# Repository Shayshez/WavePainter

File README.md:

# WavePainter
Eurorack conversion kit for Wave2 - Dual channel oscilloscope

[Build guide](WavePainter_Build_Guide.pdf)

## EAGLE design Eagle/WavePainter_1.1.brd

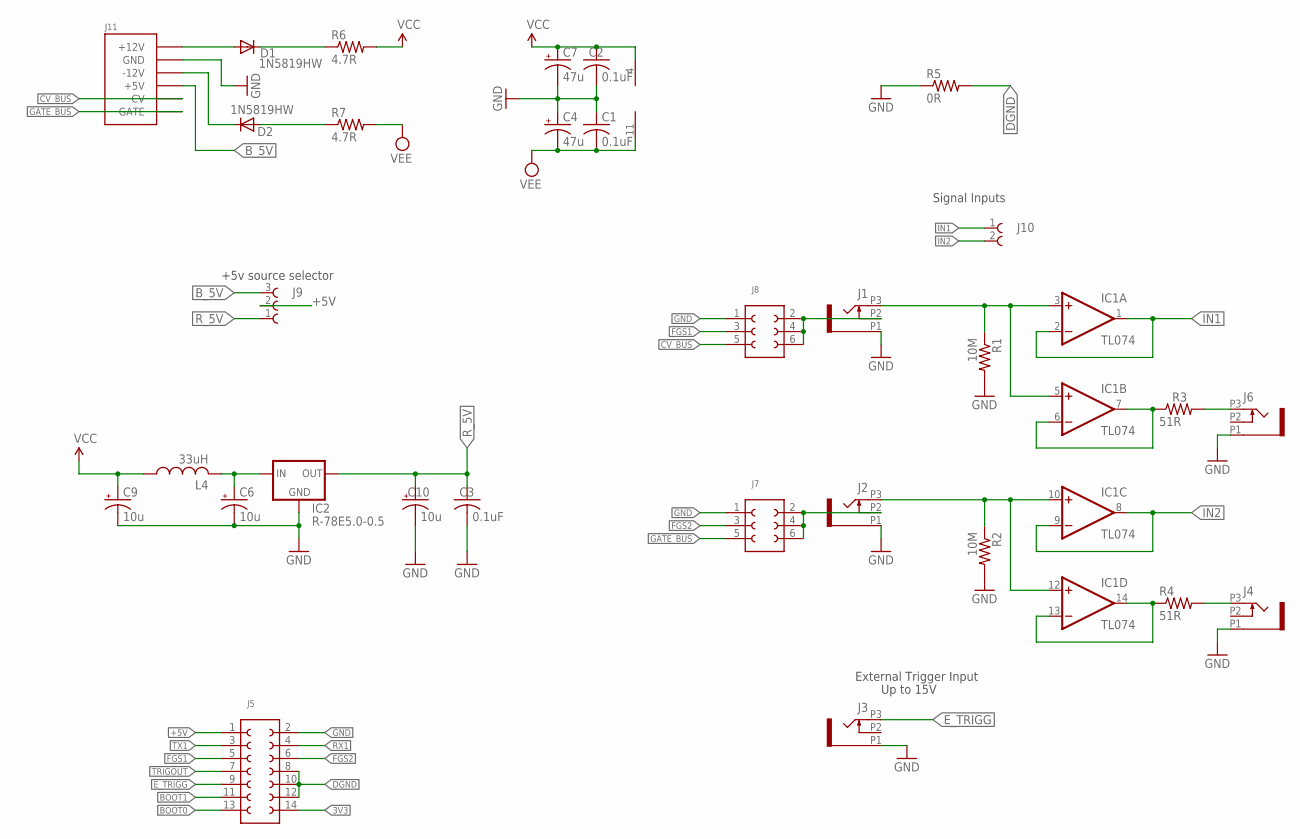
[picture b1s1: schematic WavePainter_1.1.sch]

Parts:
C1, C2, C3: 0.1uF; C0805
C4, C7: 47u; PANASONIC_D
C6, C9, C10: 10u; PANASONIC_B
D1, D2: 1N5819HW; DIODE_SOD123
IC1: TL074; SO14
IC2: R-78E5.0-0.5; SIP3
J1, J2, J3, J4, J6: OG-PJ301_PJ301_THONKICONN7; OG-PJ301_WQP_PJ_301M7
J5: 62001421821
J7, J8: 61300621121
J9: 61300311121
J10: 61300211821
J11: POWER_SHROUDED_NOTEXT; POWER_16_SHROUDED_NOTEXT
L4: 33uH; L3225P
R1, R2: 10M; R0805
R3, R4: 51R; R0805
R5: 0R; R0805
R6, R7: 4.7R; R1206

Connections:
3V3: J5.14 (8)
+5V: J5.1, J9.2
BOOT0: J5.13 (7)
BOOT1: J5.11 (6)
B_5V: J9.3 (1), J11.11 (+5V), J11.12 (+5V)
CV_BUS: J8.5 (3), J11.13 (CV), J11.14 (CV)
DGND: J5.8 (11), J5.10, J5.12 (9), R5.2
E_TRIGG: J3.P3 (3), J5.9 (5)
FGS1: J5.5 (3), J8.3 (2)
FGS2: J5.6 (12), J7.3 (2)
GATE_BUS: J7.5 (3), J11.15 (GATE), J11.16 (GATE)
GND: C1.1, C2.2, C3.2, C4.+, C6.-, C7.-, C9.-, C10.-, IC2.2 (GND), J1.P1 (1), J2.P1 (1), J3.P1 (1), J4.P1 (1), J5.2 (14), J6.P1 (1), J7.1, J8.1, J11.3 (GND), J11.4 (GND), J11.5 (GND), J11.6 (GND), J11.7 (GND), J11.8 (GND), R1.2, R2.2, R5.1
IN1: IC1.1 (OUT), IC1.2 (-IN), J10.1
IN2: IC1.8 (OUT), IC1.9 (-IN), J10.2
unnamed: IC1.10 (+IN), IC1.12 (+IN), J2.P3 (3), R2.1
unnamed: D2.C, J11.1 (-12V), J11.2 (-12V)
unnamed: C6.+, IC2.1 (IN), L4.2
unnamed: D1.A, J11.9 (+12V), J11.10 (+12V)
unnamed: IC1.3 (+IN), IC1.5 (+IN), J1.P3 (3), R1.1
unnamed: J4.P3 (3), R4.2
unnamed: D1.C, R6.1
unnamed: D2.A, R7.1
unnamed: J6.P3 (3), R3.2
unnamed: IC1.6 (-IN), IC1.7 (OUT), R3.1
unnamed: IC1.13 (-IN), IC1.14 (OUT), R4.1
unnamed: J1.P2 (2), J8.2 (6), J8.4 (5), J8.6 (4)
unnamed: J2.P2 (2), J7.2 (6), J7.4 (5), J7.6 (4)
RX1: J5.4 (13)
R_5V: C3.1, C10.+, IC2.3 (OUT), J9.1 (3)
TRIGOUT: J5.7 (4)
TX1: J5.3 (2)
VCC: C2.1, C7.+, C9.+, IC1.4 (V+), L4.1, R6.2
VEE: C1.2, C4.-, IC1.11 (V-), R7.2

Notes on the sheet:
Signal Inputs
+5v source selector
External Trigger Input
Up to 15V

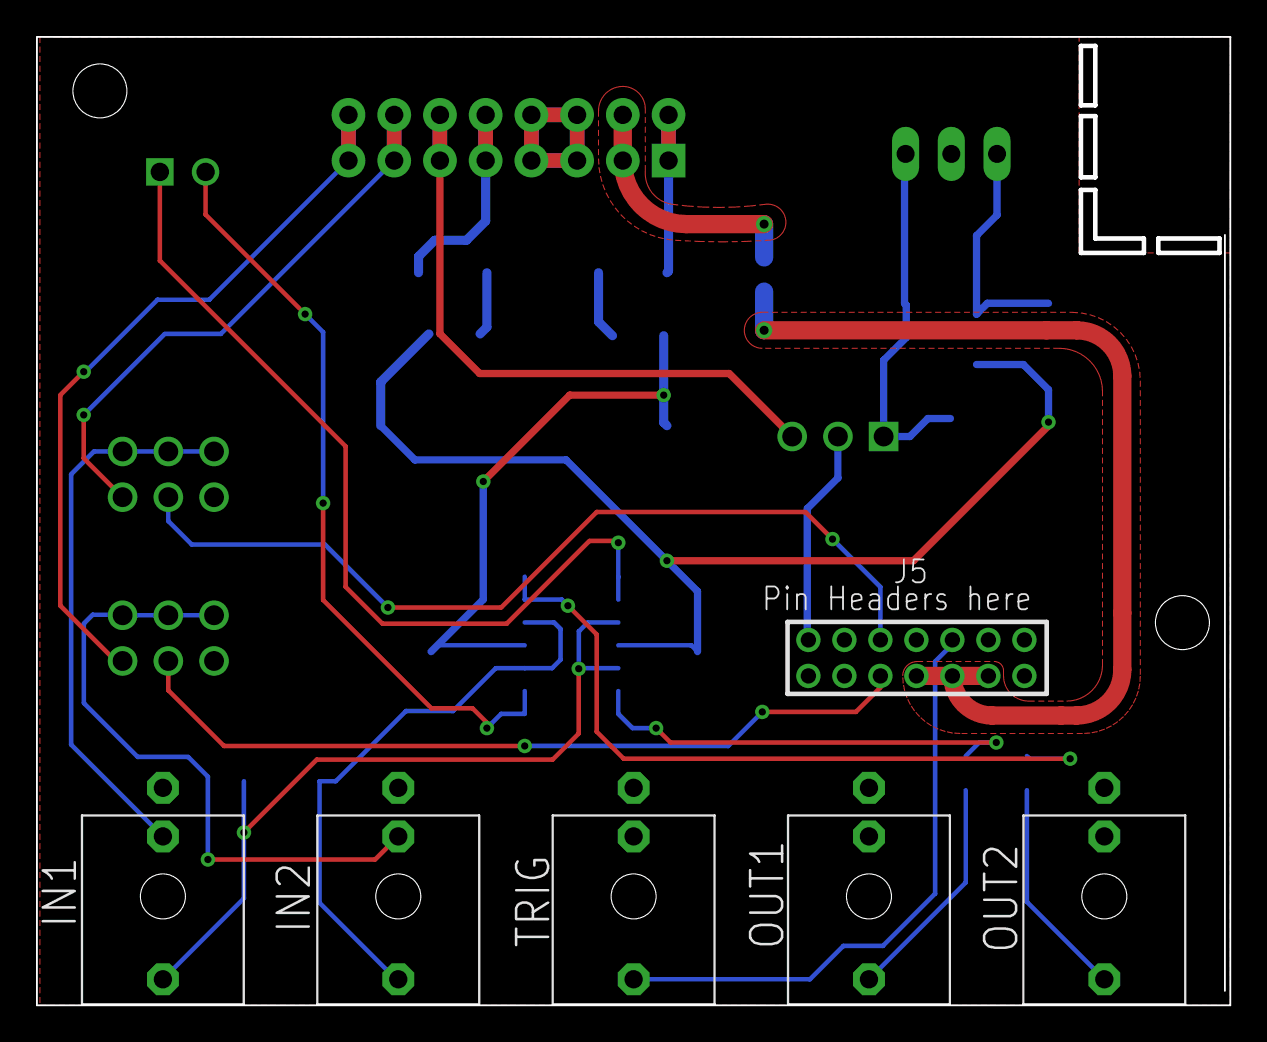
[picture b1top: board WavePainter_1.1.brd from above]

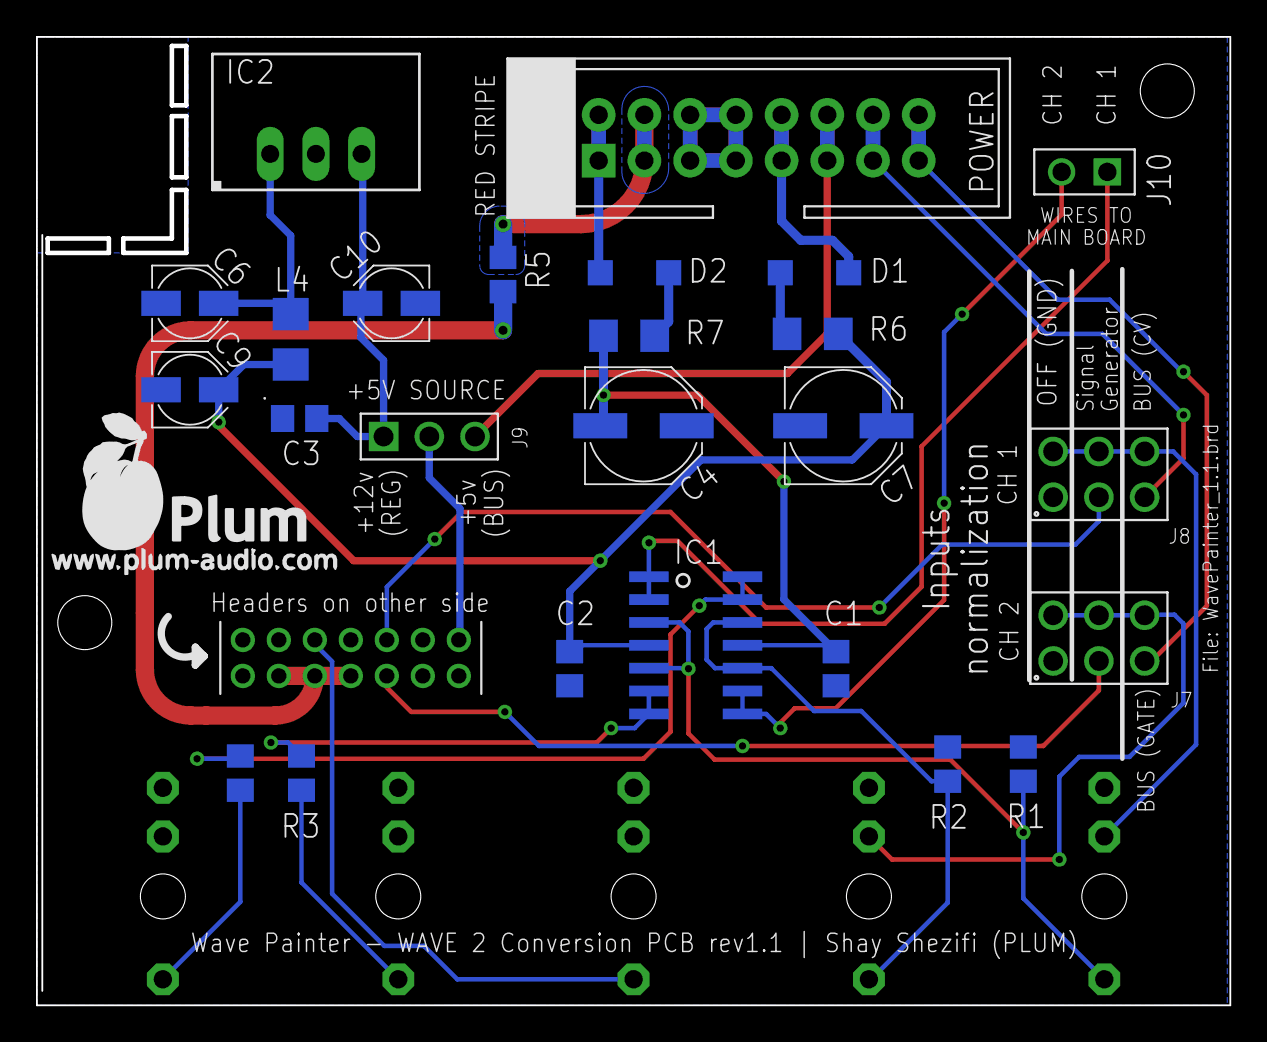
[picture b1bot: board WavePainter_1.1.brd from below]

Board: 2 copper layers, 66.1 x 53.6 mm, 31 parts (26 on the bottom side), 27 nets.

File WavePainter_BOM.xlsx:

Qty | Value | Device | Package | Parts | Mouser ref | Description
1 |  | WAVE2 Partial kit from Pusherman or DIY kit from JYETEC
1 |  | WavePainter conversion PCB from Pusherman
1 |  | WavePainter Panel from Pusherman
 | Resistors
1 | 0R | R-US_R0805 | R0805 | R5 | 603-RC0805FR-130RL | RESISTOR, American symbol
2 | 4.7R | R-US_R1206 | R1206 | R6, R7 | 603-RC1206FR-074R7L | RESISTOR, American symbol
2 | 51R | R-US_R0805 | R0805 | R3, R4 | 603-RC0805JR-7W51RL | RESISTOR, American symbol
2 | 10M | R-US_R0805 | R0805 | R1, R2 | 603-RC0805FR-0710ML | RESISTOR, American symbol
 | Caps
3 | 0.1uF | C-USC0805 | C0805 | C1, C2, C3 | 80-C0805C104J5RAUTO | CAPACITOR, American symbol
3 | 10u | CPOL-USC | PANASONIC_B | C6, C9, C10 | 667-EEE-FK1E100R | POLARIZED CAPACITOR, American symbol
2 | 47u | CPOL-USD | PANASONIC_D | C4, C7 | 667-EEE-1EA100SR | POLARIZED CAPACITOR, American symbol
 | Inductor
1 | 33uH | L-USL3225P | L3225P | L4 | 963-LB3218T330K | INDUCTOR, American symbol
 | Chips
2 | 1N5819HW | DIODE_DIODE-SOD123 | DIODE_SOD123 | D1, D2 | 621-1N5819HW-F | DIODE
1 | R-78E5.0-0.5 | R-78E5.0-0.5 | SIP3 | IC2 | 919-R-78E5.0-0.5 | Innoline R-78xx-0.5 Series Switching Regulators - 0.5A, Low Cost
1 | TL074 | TL074D | SO14 | IC1 | 595-TL074CDR | OP AMP
 | Misc
1 | Pin Headers Male 2.54 - 2pins | PINHEAD 2.54mm 2p |  | J10 | 855-M20-9774046 | Pin Headers 2.54mm - row of 40pins - cut 2 for J10 and 3 for J9
1 | Pin Headers Male 2.54 - 3pins | PINHEAD 2.54mm 3p |  | J9
2 | Pin Headers Male 2.54 - 2X3pins | PINHEAD 2.54mm Dual row of 3p |  | J7, J8 | 649-77313-124-40LF | Pin Headers 2.54mm - dual row of 40pins - cut for J7/J8
1 | Pin Headers male 2.00mm 14 pins (2X7) | Pin Headers 2.00mm |  | J5 | 855-M22-2020705 | WR-PHD 2.00mm Dual Socket Header, 14 Pins=>Code : Con_BTB_SHD_2.00_2_62001421821
3 | Mini Jumper Cover |  |  |  | 855-M7582-05
2 | Jumper Wire 10cm |  |  |  | 854-ZW-FF-10 | Pack of 40 - only 2 needed
3 | Black Screw M3 / > 10mm Length |  |  |  | https://www.aliexpress.com/item/32965979997.html | To attach the panel
1 | Standoff Spacer M3 / 8mm Length |  |  |  | https://www.aliexpress.com/item/32800873842.html | Nylon is better
2 | Standoff Spacer M3 / 5mm Length |  |  |  | https://www.aliexpress.com/item/32800873842.html | Nylon is better
5 | PJ398SM_THONKICONN | PJ398SM_THONKICONN | WQP_PJ398SM | J1, J2, J3, J4, J6 | https://www.thonk.co.uk/shop/thonkiconn/
1 | Power Header 16 pins | POWER_SHROUDED | POWER_16_SHROUDED | J11 | 538-70246-1604
 | For scope bards
1 | Pin Headers female 2.00mm 14 pins (2X7) | Pin Headers socket 2.00mm | for scope main board | J5 | 855-M22-7140742 | WR-PHD 2.00mm Dual Socket Header, 14 Pins=>Code : Con_BTB_SHD_2.00_2_62001421821
1 | PEC11 Encoder | PEC11L-4220F-S0015 | 15PPR / 30 DETENT / SLIM | SW5 | 652-PEC11L4220FS0015 (20mm shaft) or 652-PEC11L4215FS0015 (15mm shaft)
1 | Knob D Shaft for the encoder | Sifam D-shaft 12mm |  |  | https://www.thonk.co.uk/shop/sifam-soft-touch-encoder-knobs/

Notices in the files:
parts and their libraries:
Wurth_Elektronik_Electromechanic_Board_t: Copyright: Würth Elektronik
r-78xx_10: (c) 2015 Samuel Lourenço

++++

**Exercise aim**
Lines of the listing above that hold the string "American" should each be copied.

**Result of the task**
1 | 0R | R-US_R0805 | R0805 | R5 | 603-RC0805FR-130RL | RESISTOR, American symbol
2 | 4.7R | R-US_R1206 | R1206 | R6, R7 | 603-RC1206FR-074R7L | RESISTOR, American symbol
2 | 51R | R-US_R0805 | R0805 | R3, R4 | 603-RC0805JR-7W51RL | RESISTOR, American symbol
2 | 10M | R-US_R0805 | R0805 | R1, R2 | 603-RC0805FR-0710ML | RESISTOR, American symbol
3 | 0.1uF | C-USC0805 | C0805 | C1, C2, C3 | 80-C0805C104J5RAUTO | CAPACITOR, American symbol
3 | 10u | CPOL-USC | PANASONIC_B | C6, C9, C10 | 667-EEE-FK1E100R | POLARIZED CAPACITOR, American symbol
2 | 47u | CPOL-USD | PANASONIC_D | C4, C7 | 667-EEE-1EA100SR | POLARIZED CAPACITOR, American symbol
1 | 33uH | L-USL3225P | L3225P | L4 | 963-LB3218T330K | INDUCTOR, American symbol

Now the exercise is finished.